Amazon has announced that it plans to close all 68 of its brick-and-mortar bookstores, pop-ups and shops carrying toys and home goods in the United States and United Kingdom.
This marks a turning point for a company that began as an online bookseller and helped drive established rivals such as Borders to bankruptcy. The ecommerce and retail giant said it would focus more on its grocery markets and a department store concept going forward.
Reuters reports that after opening its first book shop in Seattle in 2015, Amazon has tried out an array of ideas in retail: convenience stores without cashiers, supermarkets, and a format called “4-star” in which it sells toys, household items and other goods with high customer ratings.

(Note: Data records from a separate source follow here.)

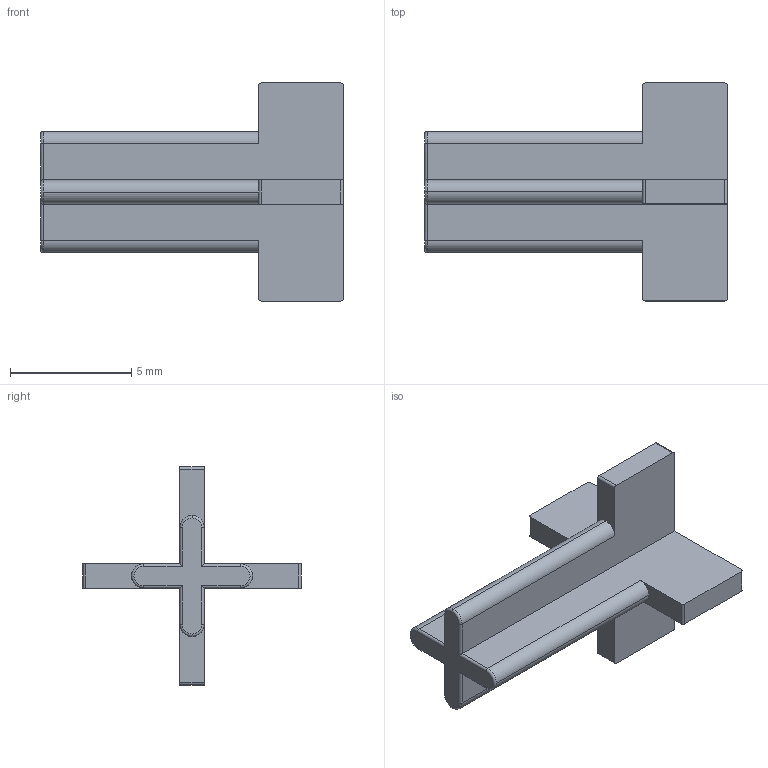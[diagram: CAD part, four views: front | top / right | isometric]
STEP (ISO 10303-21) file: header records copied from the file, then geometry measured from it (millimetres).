
FILE_DESCRIPTION (( 'STEP AP203' ), '1' );
FILE_NAME ('back_plate_gear.STEP', '2013-09-24T10:05:51', ( '' ), ( '' ), 'SwSTEP 2.0', 'SolidWorks 2012', '' );
FILE_SCHEMA (( 'CONFIG_CONTROL_DESIGN' ));
Length unit declared in the file: millimetre
Products named in the file (1): back_plate_gear
Bounding box: 12.5 x 9 x 9 mm (x, y, z)
Volume: 136.6 mm3; surface area: 323.4 mm2
Topology: 1 solids, 1 shells, 47 faces, 122 edges, 77 vertices
Faces by surface type: cylinder 24, plane 18, torus 5
Entity records: 1515 total; most frequent: DIRECTION 260, CARTESIAN_POINT 259, ORIENTED_EDGE 244, EDGE_CURVE 122, AXIS2_PLACEMENT_3D 94, VERTEX_POINT 77, LINE 72, VECTOR 72
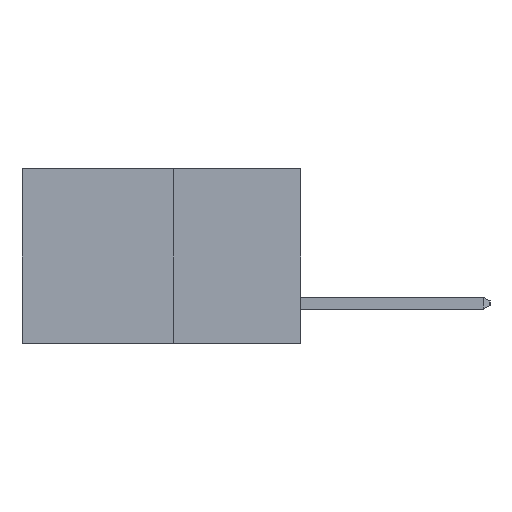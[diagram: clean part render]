
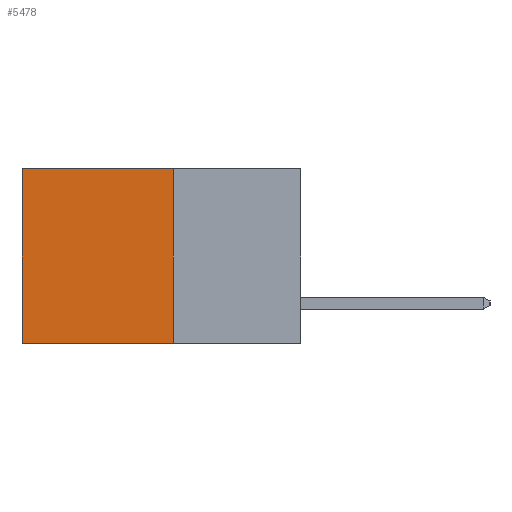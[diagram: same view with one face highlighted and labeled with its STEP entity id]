
A CAD part, left-side view. The second image highlights one B-rep face of the part: STEP entity #5478.
In plain terms, the highlighted planar face has unit normal (-1, 0, 0).
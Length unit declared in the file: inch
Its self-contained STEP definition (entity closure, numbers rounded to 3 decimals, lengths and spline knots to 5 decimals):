
#354 = VERTEX_POINT ( 'NONE', #6928 ) ;
#1249 = VECTOR ( 'NONE', #14666, 39.37008 ) ;
#1986 = ORIENTED_EDGE ( 'NONE', *, *, #13891, .F. ) ;
#3944 = EDGE_CURVE ( 'NONE', #354, #10859, #9840, .T. ) ;
#4534 = CARTESIAN_POINT ( 'NONE',  ( 0.277, 0.27, 0. ) ) ;
#4795 = LINE ( 'NONE', #4534, #16257 ) ;
#5478 = ADVANCED_FACE ( 'NONE', ( #12311 ), #15254, .F. ) ;
#5586 = ORIENTED_EDGE ( 'NONE', *, *, #11032, .F. ) ;
#6081 = DIRECTION ( 'NONE',  ( 0., 1., 0. ) ) ;
#6928 = CARTESIAN_POINT ( 'NONE',  ( 0.277, 0.59, 0. ) ) ;
#8134 = CARTESIAN_POINT ( 'NONE',  ( 0.277, 0.27, -0.37 ) ) ;
#9145 = ORIENTED_EDGE ( 'NONE', *, *, #3944, .T. ) ;
#9742 = VECTOR ( 'NONE', #14140, 39.37008 ) ;
#9840 = LINE ( 'NONE', #19096, #1249 ) ;
#10065 = ORIENTED_EDGE ( 'NONE', *, *, #13932, .T. ) ;
#10859 = VERTEX_POINT ( 'NONE', #11852 ) ;
#11032 = EDGE_CURVE ( 'NONE', #13261, #10859, #13712, .T. ) ;
#11645 = CARTESIAN_POINT ( 'NONE',  ( 0.277, 0.27, -0.37 ) ) ;
#11852 = CARTESIAN_POINT ( 'NONE',  ( 0.277, 0.59, -0.37 ) ) ;
#12073 = VERTEX_POINT ( 'NONE', #19369 ) ;
#12311 = FACE_OUTER_BOUND ( 'NONE', #15248, .T. ) ;
#12877 = DIRECTION ( 'NONE',  ( 0., 0., -1. ) ) ;
#13261 = VERTEX_POINT ( 'NONE', #11645 ) ;
#13712 = LINE ( 'NONE', #8134, #9742 ) ;
#13891 = EDGE_CURVE ( 'NONE', #12073, #13261, #17633, .T. ) ;
#13932 = EDGE_CURVE ( 'NONE', #12073, #354, #4795, .T. ) ;
#13998 = DIRECTION ( 'NONE',  ( 1., 0., 0. ) ) ;
#14140 = DIRECTION ( 'NONE',  ( 0., 1., 0. ) ) ;
#14201 = VECTOR ( 'NONE', #17851, 39.37008 ) ;
#14555 = CARTESIAN_POINT ( 'NONE',  ( 0.277, 0.27, -0.37 ) ) ;
#14666 = DIRECTION ( 'NONE',  ( 0., 0., -1. ) ) ;
#14902 = CARTESIAN_POINT ( 'NONE',  ( 0.277, 0.27, -0.37 ) ) ;
#15248 = EDGE_LOOP ( 'NONE', ( #9145, #5586, #1986, #10065 ) ) ;
#15254 = PLANE ( 'NONE',  #18122 ) ;
#16257 = VECTOR ( 'NONE', #6081, 39.37008 ) ;
#17633 = LINE ( 'NONE', #14902, #14201 ) ;
#17851 = DIRECTION ( 'NONE',  ( 0., 0., -1. ) ) ;
#18122 = AXIS2_PLACEMENT_3D ( 'NONE', #14555, #13998, #12877 ) ;
#19096 = CARTESIAN_POINT ( 'NONE',  ( 0.277, 0.59, -0.37 ) ) ;
#19369 = CARTESIAN_POINT ( 'NONE',  ( 0.277, 0.27, 0. ) ) ;
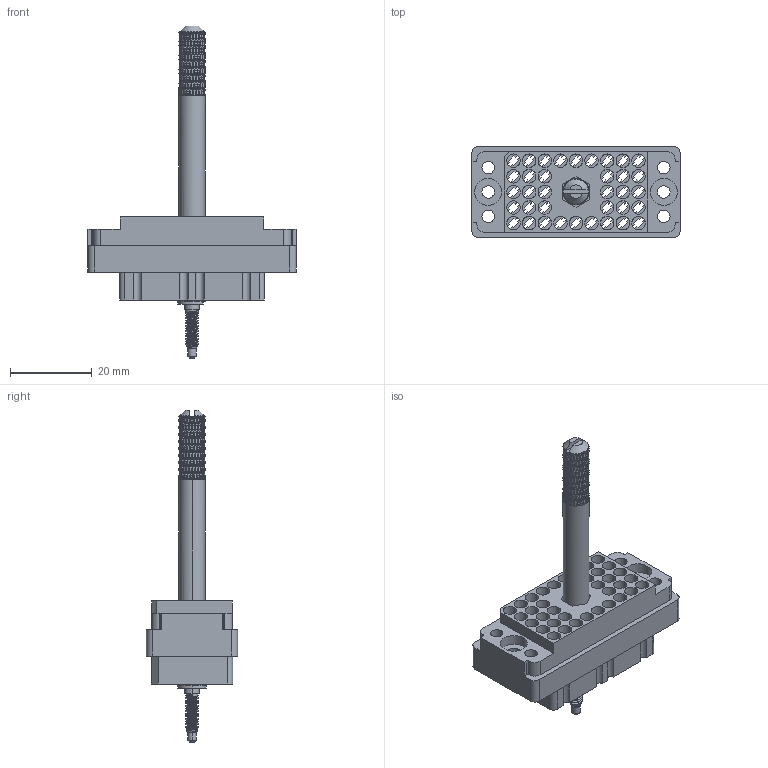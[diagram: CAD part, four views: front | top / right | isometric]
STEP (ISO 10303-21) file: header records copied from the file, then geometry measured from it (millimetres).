
FILE_DESCRIPTION (( 'STEP AP203' ), '1' );
FILE_NAME ('519-036-000-405.STEP', '2020-09-09T19:44:59', ( '' ), ( '' ), 'SwSTEP 2.0', 'SolidWorks 2020', '' );
FILE_SCHEMA (( 'CONFIG_CONTROL_DESIGN' ));
Length unit declared in the file: inch
Products named in the file (7): 519-036-000-405; 516-251-035-100; 516-253-035-100; 519 Receptacle Insulator_036; 516-250-038-111; 516-253-138-107; Actuating Screw Assy 038-056
Assembly tree (7 placements, depth 3):
  519-036-000-405
    519 Receptacle Insulator_036
    Actuating Screw Assy 038-056
      516-251-035-100
      516-253-035-100  x2
      516-253-138-107
      516-250-038-111
Bounding box: 50.8 x 22.25 x 81.03 mm (x, y, z)
Volume: 13134.1 mm3; surface area: 16065.8 mm2
Topology: 6 solids, 6 shells, 2247 faces, 5483 edges, 3268 vertices
Faces by surface type: bspline 1006, plane 687, cylinder 534, cone 20
Entity records: 95269 total; most frequent: CARTESIAN_POINT 53146, ORIENTED_EDGE 10942, DIRECTION 6100, EDGE_CURVE 5471, VERTEX_POINT 3260, EDGE_LOOP 2351, FACE_OUTER_BOUND 2241, ADVANCED_FACE 2241

Amazon had aimed to reach shoppers in more places and bring its online touch into the real world. Its bookstores would pull from its vast data trove and showcase what people were reading, even the reviews they left on Amazon’s website.
But the company’s innovations were not enough to counter the march toward online shopping that Amazon itself had set off.
Its “physical stores” revenue – a mere 3% of Amazon’s $137 billion in sales last quarter, largely reflective of consumer spending at its Whole Foods subsidiary – has often failed to keep pace with growth in the retailer’s other businesses.
Amazon will close its 4-star, pop-up and bookstore locations on various dates and notify customers via signage. Workers will receive severance or can receive help finding jobs at any company stores nearby, such as more than a dozen Amazon Fresh grocery locations it has announced, the retailer said.